## Required work:
Would you give the listing again exactly as written, minus its pictures?

## Source material:
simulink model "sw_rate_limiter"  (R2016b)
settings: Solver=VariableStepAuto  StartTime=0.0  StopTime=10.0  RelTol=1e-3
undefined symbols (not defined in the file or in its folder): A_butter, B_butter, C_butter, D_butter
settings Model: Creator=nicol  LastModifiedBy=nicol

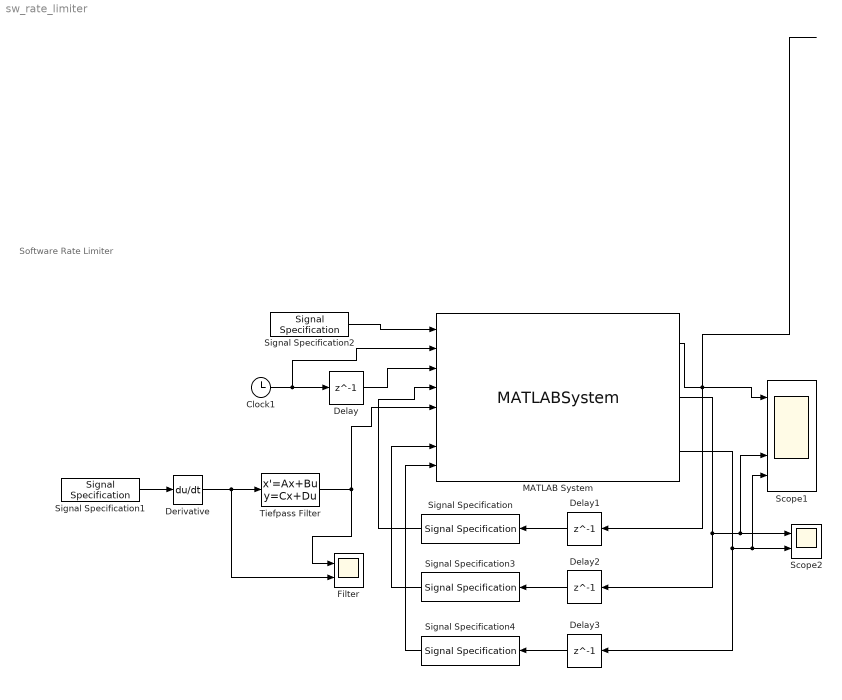
== system sw_rate_limiter ==
  note: Software Rate Limiter
  Clock1 : Clock
  Delay{,1..3} (4 alike) : Delay  DelayLength=1
  Derivative : Derivative
  Filter : Scope  NumInputPorts=2
  MATLAB System : MATLABSystem  System=rate_limiter_classdef  SimulateUsing=Code generation
      mask Type: rate_limiter_classdef
      mask Display:
      | disp('rate_limiter_classdef');
      | port_label('input',1,'input');
      | port_label('input',2,'clock');
      | port_label('input',3,'clock_delayed');
      | port_label('input',4,'last_value');
      | port_label('input',5,'deriv');
      | port_label('input',6,'rate_limiter');
      | port_label('input',7,'rl_integral_in');
      | port_label('input',8,'rl_groesser_y_in');
      | port_label('output',1,'y');
      | port_label('output',2,'rl_integral_out');
      | port_label('output',3,'rl_groesser_y_out');
  Scope1 : Scope  NumInputPorts=5
  Scope2 : Scope  NumInputPorts=2
  Signal Specification : SignalSpecification  OutDataTypeStr=double  Dimensions=1
  Signal Specification1 : SignalSpecification  Dimensions=1
  Signal Specification2 : SignalSpecification  Dimensions=1
  Signal Specification3 : SignalSpecification  OutDataTypeStr=double  Dimensions=1
  Signal Specification4 : SignalSpecification  OutDataTypeStr=double  Dimensions=1
  Tiefpass Filter : StateSpace  A=A_butter  B=B_butter  C=C_butter  D=D_butter  X0=0
  wires:
  ? -> Signal Specification1/1, Signal Specification2/1, Scope1/3
  Clock1/1 -> MATLAB System/2, Delay/1
  Delay/1 -> MATLAB System/3
  Delay1/1 -> Signal Specification/1
  Signal Specification/1 -> MATLAB System/4
  Signal Specification2/1 -> MATLAB System/1
  Signal Specification1/1 -> Derivative/1
  Derivative/1 -> Filter/2, Tiefpass Filter/1
  Tiefpass Filter/1 -> Filter/1, MATLAB System/5
  MATLAB System/1 -> Delay1/1, Scope1/1
  Delay2/1 -> Signal Specification3/1
  Delay3/1 -> Signal Specification4/1
  MATLAB System/2 -> Scope1/4, Scope2/1, Delay2/1
  MATLAB System/3 -> Scope1/5, Scope2/2, Delay3/1
  Signal Specification3/1 -> MATLAB System/7
  Signal Specification4/1 -> MATLAB System/8
  ? -> MATLAB System/6
  ? -> Scope1/2

## Solution to this task:
simulink model "sw_rate_limiter"  (R2016b)
settings: Solver=VariableStepAuto  StartTime=0.0  StopTime=10.0  RelTol=1e-3
undefined symbols (not defined in the file or in its folder): A_butter, B_butter, C_butter, D_butter
settings Model: Creator=nicol  LastModifiedBy=nicol

== system sw_rate_limiter ==
  note: Software Rate Limiter
  Clock1 : Clock
  Delay{,1..3} (4 alike) : Delay  DelayLength=1
  Derivative : Derivative
  Filter : Scope  NumInputPorts=2
  MATLAB System : MATLABSystem  System=rate_limiter_classdef  SimulateUsing=Code generation
      mask Type: rate_limiter_classdef
      mask Display:
      | disp('rate_limiter_classdef');
      | port_label('input',1,'input');
      | port_label('input',2,'clock');
      | port_label('input',3,'clock_delayed');
      | port_label('input',4,'last_value');
      | port_label('input',5,'deriv');
      | port_label('input',6,'rate_limiter');
      | port_label('input',7,'rl_integral_in');
      | port_label('input',8,'rl_groesser_y_in');
      | port_label('output',1,'y');
      | port_label('output',2,'rl_integral_out');
      | port_label('output',3,'rl_groesser_y_out');
  Scope1 : Scope  NumInputPorts=5
  Scope2 : Scope  NumInputPorts=2
  Signal Specification : SignalSpecification  OutDataTypeStr=double  Dimensions=1
  Signal Specification1 : SignalSpecification  Dimensions=1
  Signal Specification2 : SignalSpecification  Dimensions=1
  Signal Specification3 : SignalSpecification  OutDataTypeStr=double  Dimensions=1
  Signal Specification4 : SignalSpecification  OutDataTypeStr=double  Dimensions=1
  Tiefpass Filter : StateSpace  A=A_butter  B=B_butter  C=C_butter  D=D_butter  X0=0
  wires:
  ? -> Signal Specification1/1, Signal Specification2/1, Scope1/3
  Clock1/1 -> MATLAB System/2, Delay/1
  Delay/1 -> MATLAB System/3
  Delay1/1 -> Signal Specification/1
  Signal Specification/1 -> MATLAB System/4
  Signal Specification2/1 -> MATLAB System/1
  Signal Specification1/1 -> Derivative/1
  Derivative/1 -> Filter/2, Tiefpass Filter/1
  Tiefpass Filter/1 -> Filter/1, MATLAB System/5
  MATLAB System/1 -> Delay1/1, Scope1/1
  Delay2/1 -> Signal Specification3/1
  Delay3/1 -> Signal Specification4/1
  MATLAB System/2 -> Scope1/4, Scope2/1, Delay2/1
  MATLAB System/3 -> Scope1/5, Scope2/2, Delay3/1
  Signal Specification3/1 -> MATLAB System/7
  Signal Specification4/1 -> MATLAB System/8
  ? -> MATLAB System/6
  ? -> Scope1/2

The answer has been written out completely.